At one point last week the share price was so low the company was worth just A$74 million - down from A$580 million in November last year.
During 2015 it outlaid more than A$80 million in cash and shares to acquire online surf magazine Stab, user generated surfing network Magic Seaweed and video maker Garage Entertainment.
The idea was the content created by the three would bring surfers to the website thereby increasing sales. The charismatic Cameron even had plans to charge for content.
A mysterious content deal was one of the reasons for the company's most recent profit downgrade. Last year SurfStitch granted a perpetual licence to an unnamed third party to use the Garage Entertainment and Magic Seaweed content, followed by an amendment in March which added in services including access to software and hosting the SurfStitch online store.
For companies, it's a lesson in sticking with what you know. How did SurfStitch think it could turn a buck by selling content when so many media companies are struggling to do so, even with all their experience and resources?
It's a point made by incoming CEO Mike Sonand last week, who said the company's previous managers focused too much on growing revenue and not enough on profits and keeping costs under control.
"The focus has to be on profitable retail management - basic Retail 101," said Sonand as part of a blunt critique of the previous managers.
Changing fortunes
Every three months, the Australian Stock Exchange reconsiders the composition of its benchmark share indices, including the S&P/ASX-100 and S&P/ASX-200 indexes.
Companies which have shrunk get demoted from the index and those which have grown are added. The changes often tell a story about the economy and markets. This is certainly true of the latest index changes, due to take effect in a week or two.
Vitamin and supplement supplier Blackmores has been promoted to the benchmark S&P/ASX-100 index and milk company A2 was added to the S&P/ASX-200 index. Both of these companies are doing well from increasing demand for Australian food in China.
They are replacing companies like Spotless Group and Liquefied Natural Gas Ltd. Spotless Group is a caterer and cleaner floated by private equity investors a couple of years ago. Like so many private equity floats, shares in the company started falling after those who floated and managed the company sold out, leaving other investors holding the losses.

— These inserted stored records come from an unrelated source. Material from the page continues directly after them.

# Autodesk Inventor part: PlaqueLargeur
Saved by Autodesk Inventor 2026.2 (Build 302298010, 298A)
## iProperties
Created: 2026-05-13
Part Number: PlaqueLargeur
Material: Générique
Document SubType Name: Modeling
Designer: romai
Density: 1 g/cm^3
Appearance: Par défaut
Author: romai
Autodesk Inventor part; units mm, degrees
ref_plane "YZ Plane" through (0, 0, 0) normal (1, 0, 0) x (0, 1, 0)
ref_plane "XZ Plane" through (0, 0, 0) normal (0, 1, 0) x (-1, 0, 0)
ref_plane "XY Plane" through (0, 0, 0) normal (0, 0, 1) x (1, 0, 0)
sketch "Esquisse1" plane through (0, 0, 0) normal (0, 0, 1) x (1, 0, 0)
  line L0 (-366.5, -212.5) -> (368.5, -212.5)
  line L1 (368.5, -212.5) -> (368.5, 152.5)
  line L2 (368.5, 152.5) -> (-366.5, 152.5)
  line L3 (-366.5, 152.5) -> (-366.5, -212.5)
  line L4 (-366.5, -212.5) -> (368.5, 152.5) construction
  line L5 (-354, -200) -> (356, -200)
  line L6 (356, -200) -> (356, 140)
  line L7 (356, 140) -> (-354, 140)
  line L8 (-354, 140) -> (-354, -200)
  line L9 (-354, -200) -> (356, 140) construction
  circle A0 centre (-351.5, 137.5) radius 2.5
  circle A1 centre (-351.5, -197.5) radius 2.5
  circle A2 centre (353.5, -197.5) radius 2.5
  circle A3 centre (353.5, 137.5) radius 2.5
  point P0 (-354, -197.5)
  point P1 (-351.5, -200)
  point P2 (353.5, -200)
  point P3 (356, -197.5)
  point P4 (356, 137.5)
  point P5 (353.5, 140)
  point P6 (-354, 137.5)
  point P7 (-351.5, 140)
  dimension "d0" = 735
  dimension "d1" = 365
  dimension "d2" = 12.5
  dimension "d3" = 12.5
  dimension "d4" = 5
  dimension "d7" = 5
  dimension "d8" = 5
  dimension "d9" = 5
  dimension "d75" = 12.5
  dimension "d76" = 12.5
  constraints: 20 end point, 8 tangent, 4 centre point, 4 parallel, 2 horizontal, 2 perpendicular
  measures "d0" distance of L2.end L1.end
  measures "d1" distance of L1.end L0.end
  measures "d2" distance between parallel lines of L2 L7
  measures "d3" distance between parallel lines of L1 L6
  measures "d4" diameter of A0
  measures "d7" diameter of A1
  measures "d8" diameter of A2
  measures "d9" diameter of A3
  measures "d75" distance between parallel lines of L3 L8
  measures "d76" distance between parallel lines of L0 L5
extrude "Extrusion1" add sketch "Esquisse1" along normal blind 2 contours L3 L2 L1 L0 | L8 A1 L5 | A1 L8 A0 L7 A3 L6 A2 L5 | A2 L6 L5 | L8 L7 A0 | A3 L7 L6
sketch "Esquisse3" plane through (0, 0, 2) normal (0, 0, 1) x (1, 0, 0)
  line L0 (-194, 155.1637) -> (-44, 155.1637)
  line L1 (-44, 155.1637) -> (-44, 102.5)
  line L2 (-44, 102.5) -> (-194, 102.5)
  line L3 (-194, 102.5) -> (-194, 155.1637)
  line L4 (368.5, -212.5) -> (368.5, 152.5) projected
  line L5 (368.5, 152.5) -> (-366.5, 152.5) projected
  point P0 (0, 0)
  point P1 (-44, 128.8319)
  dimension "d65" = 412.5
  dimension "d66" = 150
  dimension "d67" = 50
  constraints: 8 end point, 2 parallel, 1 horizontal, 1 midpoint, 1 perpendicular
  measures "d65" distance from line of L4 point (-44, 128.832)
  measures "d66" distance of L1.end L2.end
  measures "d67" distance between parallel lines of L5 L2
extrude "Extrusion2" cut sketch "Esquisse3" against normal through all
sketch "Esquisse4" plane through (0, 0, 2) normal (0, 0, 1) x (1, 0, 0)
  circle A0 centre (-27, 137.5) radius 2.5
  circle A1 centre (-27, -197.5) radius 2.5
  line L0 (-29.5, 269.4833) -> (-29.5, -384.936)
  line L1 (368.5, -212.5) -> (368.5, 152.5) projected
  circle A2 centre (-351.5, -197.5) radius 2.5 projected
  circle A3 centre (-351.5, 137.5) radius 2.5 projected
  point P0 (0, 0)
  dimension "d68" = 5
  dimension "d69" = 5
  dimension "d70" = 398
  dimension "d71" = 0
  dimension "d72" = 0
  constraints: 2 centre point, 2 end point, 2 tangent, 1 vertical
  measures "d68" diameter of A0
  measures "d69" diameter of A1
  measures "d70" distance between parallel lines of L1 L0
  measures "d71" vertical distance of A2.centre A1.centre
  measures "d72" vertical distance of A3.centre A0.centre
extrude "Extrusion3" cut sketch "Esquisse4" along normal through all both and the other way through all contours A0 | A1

Liquefied Natural Gas is an aspiring gas exporter. Its shares have bounced around wildly on takeover rumours. But the trend is downward; the company's share price fell from about A$5 a year ago to less thanA$1 as resources and energy prices have fallen.
The market capitalisation one-time market favourite slashed from nearly A$2 billion a year ago to less than A$300 million before the takeover rumours kicked off - hence its removal.
The main share market indexes are important because many fund managers have mandates which specify that they can only invest in stocks in a particular index or have investment strategies which mirror the index composition.